Nâziât Suresi Türkçe Meali

  • Nâziât  1: Ta en derinden acıyla sökerek çıkaranlara andolsun.
  • Nâziât  2: Yumuşacık çekip alanlara,
  • Nâziât  3: Yüzdükçe yüzerek gidenlere,
  • Nâziât  4: Öncü olarak yarışıp geçenlere,
  • Nâziât  5: Derken işi bir düzen içinde evirip çevirenlere.
  • Nâziât  6: O sarsıntının sarsacağı gün,
  • Nâziât  7: Arkasından onu diğer bir sarsıntı izleyecek.
  • Nâziât  8: O gün yürekler (dehşet içinde) hoplayacak.
  • Nâziât  9: Gözler de zillet içinde düşecek.
  • Nâziât  10: Kendileri; derler ki: «Biz çukurda iken, gerçekten biz mi yeniden (diriltilip) döndürüleceğiz?»
  • Nâziât  11: «Biz çürüyüp dağılmış kemikler olduğumuz zaman mı?»
  • Nâziât  12: Dediler ki: «Şu durumda, zararına bir dönüştür bu.»
  • Nâziât  13: Oysa bu, yalnızca tek bir haykırıştır.
  • Nâziât  14: Bir de bakarsın ki, onlar, yerin üstündedirler.
  • Nâziât  15: Musa´nın haberi sana geldi mi?
  • Nâziât  16: Hani Rabbi ona, kutsal vadi Tuva´da seslenmişti:
  • Nâziât  17: «Firavun´a git; çünkü o, azdı.»
  • Nâziât  18: «Ona de ki: -Temizlenme isteğin var mı?»
  • Nâziât  19: «Seni Rabbine yönelteyim, böylece (O´ndan) korkmuş olursun.»
  • Nâziât  20: (Musa) Ona büyük mucizeyi gösterdi.
  • Nâziât  21: Fakat o, yalanladı ve isyan etti.
  • Nâziât  22: Sonra da (karşıt olarak) çaba harcayıp sırtını döndü.
  • Nâziât  23: Sonunda (yardımcı güçlerini) topladı, seslendi;
  • Nâziât  24: Dedi ki: «Sizin en yüce Rabbiniz benim.»
  • Nâziât  25: Böylelikle Allah (c.c.) onu, ahiret ve dünya azabıyla yakaladı.
  • Nâziât  26: Gerçekten bundan, ´içi titreyerek korkacak´ olan bir kimse için elbette bir ibret (ders) vardır.

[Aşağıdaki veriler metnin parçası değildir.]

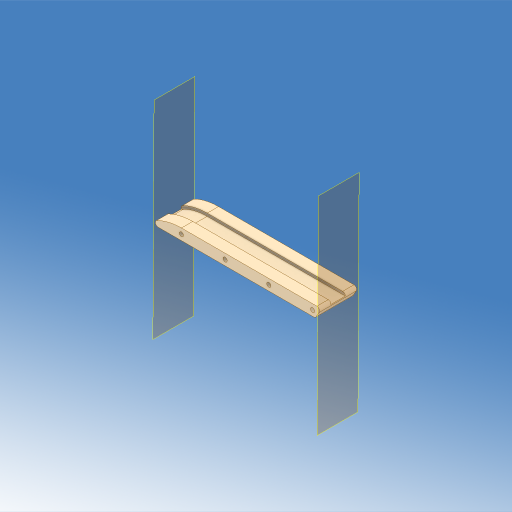
# Autodesk Inventor part: chain guide
Saved by Autodesk Inventor 2024 (Build 280153000, 153)
## iProperties
Created: 2023-03-01
Part Number: chain guide
Material: Polyethylene, High Density
Document SubType Name: Modeling
Designer: ralph
Density: 0.952 g/cm^3
Appearance: Smooth - Off-White
Author: ralph
Autodesk Inventor part; units mm, degrees
(part 1 of 2)
ref_plane "YZ Plane" through (0, 0, 0) normal (1, 0, 0) x (0, 1, 0)
ref_plane "XZ Plane" through (0, 0, 0) normal (0, 1, 0) x (-1, 0, 0)
ref_plane "XY Plane" through (0, 0, 0) normal (0, 0, 1) x (1, 0, 0)
ref_plane "Work Plane1" through (161.725, -21.8362, 0) normal (0, 0, 1) x (-0.4541702, 0.8909149, 0)
ref_plane "Work Plane2" through (-185.3421, -221.2521, 43.0784) normal (0, 0, -1) x (-0.1993348, 0.9799314, 0)
sketch "Sketch1" plane through (161.725, -21.8362, 0) normal (0, 0, 1) x (-0.4541702, 0.8909149, 0)
  circle A0 centre (-25.198, 87.6805) radius 3.175 projected
  line L0 (-137.9602, 56.9328) -> (35.8157, 235.3516) projected
  line L1 (82.5479, 91.7802) -> (42.7331, 68.5436) projected
  line L2 (134.3813, 156.1871) -> (107.8298, 115.7603) projected
  line L3 (-111.1407, 21.5887) -> (-101.5062, 29.8628) projected
  line L4 (-105.6433, 34.6801) -> (-115.2779, 26.406) projected
  line L5 (-3.5943, 192.0403) -> (-4.3034, 192.7309) projected
  line L6 (-3.5943, 192.0403) -> (-10.2226, 185.2349) projected
  line L7 (-10.9317, 185.9255) -> (-10.2226, 185.2349) projected
  arc A1 (2.942, 134.7748) -> (-78.867, 82.7393) centre (-35.4691, 104.837) ccw
  line L8 (2.942, 134.7748) -> (32.6751, 96.6265)
  arc A2 (44.4149, 71.1206) -> (32.6751, 96.6265) centre (-15.7529, 58.8814) ccw
  line L9 (44.4149, 71.1206) -> (83.6822, -121.9177)
  arc A3 (34.1459, -139.2082) -> (83.6822, -121.9177) centre (57.7385, -127.1951) ccw
  line L10 (34.1459, -139.2082) -> (-78.867, 82.7393)
  line L11 (86.7935, -121.2849) -> (47.5262, 71.7534)
  arc A4 (47.5262, 71.7534) -> (35.1793, 98.5783) centre (-15.7529, 58.8814) ccw
  line L12 (35.1793, 98.5783) -> (5.4462, 136.7266)
  arc A5 (5.4462, 136.7266) -> (-81.6964, 81.2986) centre (-35.4691, 104.837) ccw
  line L13 (-81.6964, 81.2986) -> (31.3166, -140.6489)
  arc A6 (31.3166, -140.6489) -> (86.7935, -121.2849) centre (57.7385, -127.1951) ccw
  line L14 (74.3484, -123.8164) -> (35.0811, 69.2219)
  arc A7 (35.0811, 69.2219) -> (25.1625, 90.7711) centre (-15.7529, 58.8814) ccw
  line L15 (25.1625, 90.7711) -> (-4.5706, 128.9194)
  arc A8 (-4.5706, 128.9194) -> (-70.379, 87.0612) centre (-35.4691, 104.837) ccw
  line L16 (-70.379, 87.0612) -> (42.6339, -134.8862)
  arc A9 (42.6339, -134.8862) -> (74.3484, -123.8164) centre (57.7385, -127.1951) ccw
  arc A10 (5.8406, 137.034) -> (-82.1419, 81.0717) centre (-35.4691, 104.837) ccw
  line L17 (5.8406, 137.034) -> (35.5737, 98.8857)
  arc A11 (48.0162, 71.8531) -> (35.5737, 98.8857) centre (-15.7529, 58.8814) ccw
  line L18 (48.0162, 71.8531) -> (87.2835, -121.1852)
  arc A12 (30.871, -140.8757) -> (87.2835, -121.1852) centre (57.7385, -127.1951) ccw
  line L19 (30.871, -140.8757) -> (-82.1419, 81.0717)
  line L20 (35.0811, 69.2219) -> (26.9658, 109.1164)
  circle A13 centre (57.7385, -127.1951) radius 44.45
  line L21 (76.5649, -86.9289) -> (65.8232, -81.9066)
  line L22 (5.092, 163.5049) -> (21.707, 97.431) projected
  line L23 (16.9598, 93.9553) -> (-30.1799, 123.0636) projected
  line L24 (-32.8692, 137.5188) -> (-4.5914, 166.5521) projected
  line L25 (29.8165, 96.4279) -> (15.4242, 153.6621) projected
  line L26 (20.7934, 156.6354) -> (60.85, 114.9227) projected
  line L27 (59.7201, 100.498) -> (42.2664, 90.3117) projected
  line L28 (16.7525, 188.4662) -> (29.5545, 201.6103) projected
  line L29 (102.7916, 142.7886) -> (91.8918, 126.1928) projected
  line L30 (66.3462, 120.2006) -> (40.7971, 146.806) projected
  line L31 (-106.6065, 61.8114) -> (-103.8347, 64.6572) projected
  line L32 (-88.1733, 62.7788) -> (-84.3051, 57.8167) projected
  line L33 (-71.9024, 23.6808) -> (-75.2673, 21.717) projected
  line L34 (-82.4286, 45.3973) -> (-80.2793, 47.2431) projected
  line L35 (-75.7066, 46.7865) -> (-69.9197, 39.3629) projected
  line L36 (41.0185, 151.4137) -> (46.0865, 155.7661) projected
  line L37 (41.1219, 161.5468) -> (35.4645, 156.6883) projected
  line L38 (31.1059, 156.8978) -> (17.9326, 170.6158) projected
  line L39 (-84.7406, 53.4561) -> (-87.3932, 51.1781) projected
  arc A14 (19.6429, 91.6626) -> (21.4459, 90.8569) centre (24.9298, 101.0743) ccw projected
  arc A15 (23.5785, 87.5163) -> (21.4459, 90.8569) centre (20.4213, 87.8518) ccw projected
  arc A16 (23.5785, 87.5163) -> (24.0318, 82.5663) centre (36.1917, 86.1757) ccw projected
  arc A17 (22.7005, 78.9892) -> (24.0318, 82.5663) centre (20.9881, 81.6628) ccw projected
  line L40 (22.7005, 78.9892) -> (6.0457, 68.3219) projected
  arc A18 (2.2151, 68.6304) -> (6.0457, 68.3219) centre (4.3333, 70.9955) ccw projected
  arc A19 (2.2151, 68.6304) -> (-6.0801, 71.8722) centre (-6.2676, 59.1587) ccw projected
  arc A20 (-8.9054, 73.6936) -> (-6.0801, 71.8722) centre (-6.0333, 75.0469) ccw projected
  line L41 (-8.9054, 73.6936) -> (-12.8049, 81.9696) projected
  arc A21 (-12.9858, 84.1944) -> (-12.8049, 81.9696) centre (-9.9328, 83.3229) ccw projected
  arc A22 (-12.9858, 84.1944) -> (-20.1115, 99.3174) centre (-25.198, 87.6805) ccw projected
  arc A23 (-21.712, 100.8733) -> (-20.1115, 99.3174) centre (-18.8398, 102.2266) ccw projected
  line L42 (-21.712, 100.8733) -> (-28.5783, 115.4459) projected
  arc A24 (-26.3647, 117.5067) -> (-28.5783, 115.4459) centre (-27.1422, 116.1226) ccw projected
  line L43 (-26.3647, 117.5067) -> (19.6429, 91.6626) projected
  line L44 (-65.6079, 77.0105) -> (-80.7722, 80.8743) projected
  line L45 (-82.4908, 86.5713) -> (-54.2131, 115.6046) projected
  line L46 (-42.2841, 112.6957) -> (-42.2475, 112.609) projected
  line L47 (-99.9792, 13.6685) -> (-98.0354, 10.338) projected
  line L48 (118.4433, 166.6195) -> (116.9435, 164.3359) projected
  line L49 (-124.3285, 43.6159) -> (-123.0701, 44.9079) projected
  line L50 (-120.8252, 44.9375) -> (-116.1944, 40.4272) projected
  line L51 (-43.1046, 108.967) -> (-65.0617, 90.1102) projected
  line L52 (-65.4017, 85.633) -> (-62.4154, 82.1557) projected
  ellipse E0 centre (81.3052, 191.0464) end of major axis (135.8081, 158.463) minor radius 63.4993 (134.3813, 156.1871) -> (35.8157, 235.3516) ccw projected
  ellipse E1 centre (44.1384, 157.5915) end of major axis (-21.2652, 196.6916) minor radius 76.1992 (82.5479, 91.7802) -> (107.8298, 115.7603) ccw projected
  ellipse E2 centre (-113.2093, 23.9973) end of major axis (-115.9344, 25.6265) minor radius 3.175 (-115.2779, 26.406) -> (-111.1407, 21.5887) ccw projected
  ellipse E3 centre (-103.5747, 32.2715) end of major axis (-106.2999, 33.9007) minor radius 3.175 (-101.5062, 29.8628) -> (-105.6433, 34.6801) ccw projected
  ellipse E4 centre (5.3104, 178.2592) end of major axis (-5.5902, 184.7759) minor radius 12.6999 (-0.7915, 167.1213) -> (2.6724, 165.8363) ccw projected
  ellipse E5 centre (2.0128, 162.7306) end of major axis (-0.7123, 164.3598) minor radius 3.175 (5.092, 163.5049) -> (2.6724, 165.8363) ccw projected
  ellipse E6 centre (18.6279, 96.6567) end of major axis (21.3531, 95.0276) minor radius 3.175 (16.9598, 93.9553) -> (21.707, 97.431) ccw projected
  ellipse E7 centre (-28.5118, 125.765) end of major axis (-25.7867, 124.1359) minor radius 3.175 (-31.6717, 126.0744) -> (-30.1799, 123.0636) ccw projected
  ellipse E8 centre (-44.3112, 127.3117) end of major axis (-55.2118, 133.8284) minor radius 12.6999 (-31.6717, 126.0744) -> (-33.338, 133.7052) ccw projected
  ellipse E9 centre (-30.5947, 135.3035) end of major axis (-27.8696, 133.6744) minor radius 3.175 (-32.8692, 137.5188) -> (-33.338, 133.7052) ccw projected
  ellipse E10 centre (-2.317, 164.3368) end of major axis (-5.0421, 165.966) minor radius 3.175 (-0.7915, 167.1213) -> (-4.5914, 166.5521) ccw projected
  ellipse E11 centre (32.8956, 97.2021) end of major axis (35.6207, 95.5729) minor radius 3.175 (29.8165, 96.4279) -> (32.2361, 94.0964) ccw projected
  ellipse E12 centre (18.5034, 154.4363) end of major axis (15.7782, 156.0655) minor radius 3.175 (20.7934, 156.6354) -> (15.4242, 153.6621) ccw projected
  ellipse E13 centre (58.56, 112.7236) end of major axis (55.8348, 114.3528) minor radius 3.175 (61.5424, 111.6347) -> (60.85, 114.9227) ccw projected
  ellipse E14 centre (73.4722, 107.2793) end of major axis (62.5716, 113.7959) minor radius 12.6999 (61.5424, 111.6347) -> (61.1902, 104.048) ccw projected
  ellipse E15 centre (58.1197, 103.2401) end of major axis (60.8449, 101.611) minor radius 3.175 (59.7201, 100.498) -> (61.1902, 104.048) ccw projected
  ellipse E16 centre (40.666, 93.0538) end of major axis (43.3911, 91.4247) minor radius 3.175 (38.4524, 90.7778) -> (42.2664, 90.3117) ccw projected
  ellipse E17 centre (20.2226, 172.8149) end of major axis (22.9478, 171.1857) minor radius 3.175 (17.2402, 173.9037) -> (17.9326, 170.6158) ccw projected
  ellipse E18 centre (5.3104, 178.2592) end of major axis (-5.5902, 184.7759) minor radius 12.6999 (17.2402, 173.9037) -> (16.2836, 184.6526) ccw projected
  ellipse E19 centre (19.0269, 186.251) end of major axis (21.7521, 184.6218) minor radius 3.175 (16.7525, 188.4662) -> (16.2836, 184.6526) ccw projected
  ellipse E20 centre (31.829, 199.395) end of major axis (29.1038, 201.0242) minor radius 3.175 (34.9594, 198.865) -> (29.5545, 201.6103) ccw projected
  ellipse E21 centre (81.29, 191.021) end of major axis (40.9578, 215.1327) minor radius 46.9895 (50.2522, 155.7412) -> (98.9449, 147.474) ccw projected
  ellipse E22 centre (100.1378, 144.5316) end of major axis (97.4127, 146.1608) minor radius 3.175 (102.7916, 142.7886) -> (98.9449, 147.474) ccw projected
  ellipse E23 centre (44.1233, 157.5662) end of major axis (-4.9294, 186.8912) minor radius 57.1494 (85.1993, 117.8311) -> (91.8918, 126.1928) ccw projected
  ellipse E24 centre (82.9173, 120.0386) end of major axis (85.6425, 118.4094) minor radius 3.175 (81.0283, 117.4867) -> (85.1993, 117.8311) ccw projected
  ellipse E25 centre (73.4722, 107.2793) end of major axis (62.5716, 113.7959) minor radius 12.6999 (81.0283, 117.4867) -> (69.6034, 119.3756) ccw projected
  ellipse E26 centre (68.6362, 122.3997) end of major axis (71.3614, 120.7705) minor radius 3.175 (66.3462, 120.2006) -> (69.6034, 119.3756) ccw projected
  ellipse E27 centre (-108.4072, 28.109) end of major axis (-132.9335, 42.7716) minor radius 28.5747 (-80.0217, 24.8241) -> (-83.1647, 41.5007) ccw projected
  ellipse E28 centre (-104.332, 59.5961) end of major axis (-101.6068, 57.967) minor radius 3.175 (-106.6065, 61.8114) -> (-104.7395, 56.4474) ccw projected
  ellipse E29 centre (-101.5603, 62.4419) end of major axis (-104.2854, 64.0711) minor radius 3.175 (-100.0348, 65.2264) -> (-103.8347, 64.6572) ccw projected
  ellipse E30 centre (-93.9329, 76.3643) end of major axis (-83.0323, 69.8476) minor radius 12.6999 (-100.0348, 65.2264) -> (-91.3284, 63.9343) ccw projected
  ellipse E31 centre (-90.6773, 60.8268) end of major axis (-93.4025, 62.456) minor radius 3.175 (-88.1733, 62.7788) -> (-91.3284, 63.9343) ccw projected
  ellipse E32 centre (-72.4237, 37.4109) end of major axis (-75.1489, 39.0401) minor radius 3.175 (-69.569, 36.0211) -> (-69.9197, 39.3629) ccw projected
  ellipse E33 centre (-58.1503, 30.4621) end of major axis (-69.0509, 36.9787) minor radius 12.6999 (-69.569, 36.0211) -> (-70.4323, 27.2308) ccw projected
  ellipse E34 centre (-73.5028, 26.4229) end of major axis (-70.7776, 24.7938) minor radius 3.175 (-71.9024, 23.6808) -> (-70.4323, 27.2308) ccw projected
  ellipse E35 centre (-76.8677, 24.4591) end of major axis (-74.1426, 22.8299) minor radius 3.175 (-80.0217, 24.8241) -> (-75.2673, 21.717) ccw projected
  ellipse E36 centre (-108.4072, 28.109) end of major axis (-132.9335, 42.7716) minor radius 28.5747 (-91.3563, 51.0389) -> (-104.7395, 56.4474) ccw projected
  ellipse E37 centre (81.29, 191.021) end of major axis (40.9578, 215.1327) minor radius 46.9895 (34.9594, 198.865) -> (41.7265, 165.6685) ccw projected
  ellipse E38 centre (-80.36, 42.9886) end of major axis (-83.0851, 44.6178) minor radius 3.175 (-82.4286, 45.3973) -> (-83.1647, 41.5007) ccw projected
  ellipse E39 centre (-78.2107, 44.8345) end of major axis (-80.9358, 46.4636) minor radius 3.175 (-75.7066, 46.7865) -> (-80.2793, 47.2431) ccw projected
  ellipse E40 centre (43.0871, 149.0051) end of major axis (45.8123, 147.3759) minor radius 3.175 (41.0185, 151.4137) -> (40.7971, 146.806) ccw projected
  ellipse E41 centre (48.155, 153.3574) end of major axis (45.4299, 154.9866) minor radius 3.175 (50.2522, 155.7412) -> (46.0865, 155.7661) ccw projected
  ellipse E42 centre (33.3959, 159.0969) end of major axis (36.1211, 157.4678) minor radius 3.175 (31.1059, 156.8978) -> (35.4645, 156.6883) ccw projected
  ellipse E43 centre (39.0533, 163.9555) end of major axis (36.3282, 165.5846) minor radius 3.175 (41.1219, 161.5468) -> (41.7265, 165.6685) ccw projected
  ellipse E44 centre (-86.8092, 55.8647) end of major axis (-89.5343, 57.4939) minor radius 3.175 (-84.7406, 53.4561) -> (-84.3051, 57.8167) ccw projected
  ellipse E45 centre (-89.4617, 53.5867) end of major axis (-86.7366, 51.9575) minor radius 3.175 (-91.3563, 51.0389) -> (-87.3932, 51.1781) ccw projected
  ellipse E46 centre (-79.9882, 83.951) end of major axis (-77.2631, 82.3218) minor radius 3.175 (-82.7772, 82.4337) -> (-80.7722, 80.8743) ccw projected
  ellipse E47 centre (-93.9329, 76.3643) end of major axis (-104.8335, 82.881) minor radius 12.6999 (-82.7772, 82.4337) -> (-82.9597, 82.7577) ccw projected
  ellipse E48 centre (-80.2164, 84.3561) end of major axis (-77.4912, 82.7269) minor radius 3.175 (-82.4908, 86.5713) -> (-82.9597, 82.7577) ccw projected
  ellipse E49 centre (-51.9386, 113.3893) end of major axis (-54.6638, 115.0185) minor radius 3.175 (-50.4131, 116.1738) -> (-54.2131, 115.6046) ccw projected
  ellipse E50 centre (-44.3112, 127.3117) end of major axis (-33.4106, 120.7951) minor radius 12.6999 (-50.4131, 116.1738) -> (-45.03, 114.6322) ccw projected
  ellipse E51 centre (-45.2097, 111.4623) end of major axis (-47.9349, 113.0915) minor radius 3.175 (-42.2841, 112.6957) -> (-45.03, 114.6322) ccw projected
  ellipse E52 centre (69.1742, 230.4776) end of major axis (66.4491, 232.1067) minor radius 3.175 (71.8221, 228.7255) -> (68.2422, 233.5127) ccw projected
  ellipse E53 centre (87.7091, 218.2134) end of major axis (71.3582, 227.9884) minor radius 19.0498 (71.8221, 228.7255) -> (69.7676, 224.6169) ccw projected
  ellipse E54 centre (66.7773, 225.6842) end of major axis (69.5025, 224.055) minor radius 3.175 (65.4394, 222.8049) -> (69.7676, 224.6169) ccw projected
  ellipse E55 centre (57.412, 205.529) end of major axis (41.0611, 215.3041) minor radius 19.0498 (65.4394, 222.8049) -> (61.0705, 224.2242) ccw projected
  ellipse E56 centre (61.6803, 227.3401) end of major axis (64.4054, 225.7109) minor radius 3.175 (60.1718, 230.1339) -> (61.0705, 224.2242) ccw projected
  ellipse E57 centre (81.29, 191.021) end of major axis (119.4421, 168.2127) minor radius 44.4495 (68.2422, 233.5127) -> (60.1718, 230.1339) ccw projected
  ellipse E58 centre (115.0715, 214.7362) end of major axis (117.7966, 213.107) minor radius 3.175 (114.2234, 211.6765) -> (117.6701, 216.5604) ccw projected
  ellipse E59 centre (109.1353, 193.3188) end of major axis (92.7844, 203.0938) minor radius 19.0498 (114.2234, 211.6765) -> (109.681, 212.3609) ccw projected
  ellipse E60 centre (109.772, 215.5345) end of major axis (112.4971, 213.9054) minor radius 3.175 (106.6201, 215.9172) -> (109.681, 212.3609) ccw projected
  ellipse E61 centre (87.7091, 218.2134) end of major axis (71.3582, 227.9884) minor radius 19.0498 (106.6201, 215.9172) -> (106.6199, 220.5109) ccw projected
  ellipse E62 centre (109.7718, 220.8938) end of major axis (107.0466, 222.5229) minor radius 3.175 (111.9627, 223.1917) -> (106.6199, 220.5109) ccw projected
  ellipse E63 centre (81.29, 191.021) end of major axis (119.4421, 168.2127) minor radius 44.4495 (117.6701, 216.5604) -> (111.9627, 223.1917) ccw projected
  ellipse E64 centre (-99.4065, 9.5378) end of major axis (-98.0439, 8.7232) minor radius 1.5875 (-98.7141, 8.1092) -> (-98.0354, 10.338) ccw projected
  ellipse E65 centre (-108.4072, 28.109) end of major axis (-127.4832, 39.5132) minor radius 22.2248 (-107.6415, 5.8974) -> (-98.7141, 8.1092) ccw projected
  ellipse E66 centre (-107.7509, 9.0705) end of major axis (-110.476, 10.6997) minor radius 3.175 (-108.8456, 12.0508) -> (-107.6415, 5.8974) ccw projected
  ellipse E67 centre (-113.2245, 23.972) end of major axis (-102.3239, 17.4553) minor radius 12.6999 (-108.8456, 12.0508) -> (-104.822, 14.4489) ccw projected
  ellipse E68 centre (-102.7214, 12.0682) end of major axis (-99.9962, 10.439) minor radius 3.175 (-99.9792, 13.6685) -> (-104.822, 14.4489) ccw projected
  ellipse E69 centre (114.2897, 166.0789) end of major axis (117.0148, 164.4497) minor radius 3.175 (111.1169, 165.9603) -> (116.9435, 164.3359) ccw projected
  ellipse E70 centre (92.0803, 165.2488) end of major axis (75.7294, 175.0238) minor radius 19.0498 (111.1169, 165.9603) -> (110.359, 170.6139) ccw projected
  ellipse E71 centre (113.4055, 171.5081) end of major axis (110.6804, 173.1372) minor radius 3.175 (112.7955, 174.6239) -> (110.359, 170.6139) ccw projected
  ellipse E72 centre (109.1353, 193.3188) end of major axis (92.7844, 203.0938) minor radius 19.0498 (112.7955, 174.6239) -> (117.1643, 176.0436) ccw projected
  ellipse E73 centre (118.5024, 173.1643) end of major axis (115.7773, 174.7935) minor radius 3.175 (121.3649, 171.7907) -> (117.1643, 176.0436) ccw projected
  ellipse E74 centre (81.29, 191.021) end of major axis (119.4421, 168.2127) minor radius 44.4495 (118.4433, 166.6195) -> (121.3649, 171.7907) ccw projected
  ellipse E75 centre (-121.9329, 43.8002) end of major axis (-123.2954, 44.6148) minor radius 1.5875 (-120.8252, 44.9375) -> (-123.0701, 44.9079) ccw projected
  ellipse E76 centre (-117.302, 39.29) end of major axis (-118.6646, 40.1046) minor radius 1.5875 (-116.3137, 38.0477) -> (-116.1944, 40.4272) ccw projected
  ellipse E77 centre (-108.4072, 28.109) end of major axis (-119.3078, 34.6257) minor radius 12.6999 (-116.3137, 38.0477) -> (-118.8274, 35.3692) ccw projected
  ellipse E78 centre (-113.2245, 23.972) end of major axis (-102.3239, 17.4553) minor radius 12.6999 (-118.8274, 35.3692) -> (-124.3475, 30.1012) ccw projected
  ellipse E79 centre (-127.1283, 31.6335) end of major axis (-129.8534, 33.2627) minor radius 3.175 (-130.2485, 32.2209) -> (-124.3475, 30.1012) ccw projected
  ellipse E80 centre (-108.4072, 28.109) end of major axis (-127.4832, 39.5132) minor radius 22.2248 (-124.3285, 43.6159) -> (-130.2485, 32.2209) ccw projected
  ellipse E81 centre (29.598, 81.6735) end of major axis (18.6974, 88.1902) minor radius 12.6999 (38.4524, 90.7778) -> (32.2361, 94.0964) ccw projected
  ellipse E82 centre (-62.9931, 87.7016) end of major axis (-60.2679, 86.0724) minor radius 3.175 (-65.0617, 90.1102) -> (-65.4017, 85.633) ccw projected
  ellipse E83 centre (-64.824, 80.0872) end of major axis (-62.0989, 78.458) minor radius 3.175 (-65.6079, 77.0105) -> (-62.4154, 82.1557) ccw projected
  ellipse E84 centre (-48.9751, 61.6327) end of major axis (-51.7002, 63.2618) minor radius 3.175 (-46.5664, 63.7012) -> (-48.1912, 64.7093) ccw projected
  line L53 (-46.5664, 63.7012) -> (-45.0469, 61.9319) projected
  ellipse E85 centre (-42.6383, 64.0005) end of major axis (-39.9132, 62.3713) minor radius 3.175 (-45.0469, 61.9319) -> (-40.6714, 61.5081) ccw projected
  ellipse E86 centre (-38.7045, 59.0157) end of major axis (-35.9794, 57.3866) minor radius 3.175 (-37.9206, 62.0924) -> (-40.6714, 61.5081) ccw projected
  line L54 (-37.9206, 62.0924) -> (-29.3488, 59.9083) projected
  line L55 (-78.8602, 72.5238) -> (-48.1912, 64.7093) projected
  ellipse E87 centre (2.465, 188.3722) end of major axis (0.5563, 189.5157) minor radius 2.225 projected
  ellipse E88 centre (-6.396, 179.2744) end of major axis (-4.4874, 178.1309) minor radius 2.225 projected
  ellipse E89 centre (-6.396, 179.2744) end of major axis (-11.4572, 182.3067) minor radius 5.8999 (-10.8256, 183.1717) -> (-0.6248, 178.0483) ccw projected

  • Nâziât  27: Yaratmak bakımından siz mi daha güçsünüz yoksa gök mü? (Allah) Onu bina etmiştir.
  • Nâziât  28: Onun boyunu yükseltti, ona belli bir düzen verdi.
  • Nâziât  29: Gecesini kararttı, kuşluğunu açığa çıkardı.
  • Nâziât  30: Bundan sonra yeryüzünü serip döşedi.
  • Nâziât  31: Ondan da suyunu ve otlağını çıkardı.
  • Nâziât  32: Dağlarını dikip oturttu;
  • Nâziât  33: Size ve hayvanlarınıza bir yarar (meta) olmak üzere.
  • Nâziât  34: Ancak o, ´her şeyi batırıp gömen büyük felâket (kıyamet)´ geldiği zaman.
  • Nâziât  35: O gün, insan, neye çaba harcadığını düşünüp anlar?
  • Nâziât  36: Görebilenler için cehennem de sergilenmiştir.
  • Nâziât  37: Artık kim taşkınlık edip azarsa,
  • Nâziât  38: Ve dünya hayatını seçerse,
  • Nâziât  39: Hiç şüphesiz cehennem, (onun için) bir barınma yeridir.
  • Nâziât  40: Kim de Rabbinin makamından korkar ve nefsi de heva (istek ve tutkular)dan sakındırırsa,
  • Nâziât  41: Artık şüphesiz cennet, (onun için) bir barınma yeridir.
  • Nâziât  42: «O ne zaman demir atacak?» diye, sana kıyamet saatini soruyorlar.
  • Nâziât  43: Onunla ilgili bilgi vermekten yana, sende ne var ki...
  • Nâziât  44: En sonunda o (ve onunla ilgili bilgi), Rabbine aittir.
  • Nâziât  45: Sen, yalnızca ondan ´içi titreyerek korkmakta´ olanlar için bir uyarıp korkutansın.
  • Nâziât  46: Kendileri onu gördükleri gün, sanki onlar, bir akşam veya bir kuşluk vaktinden başkasını yaşamamış gibidirler.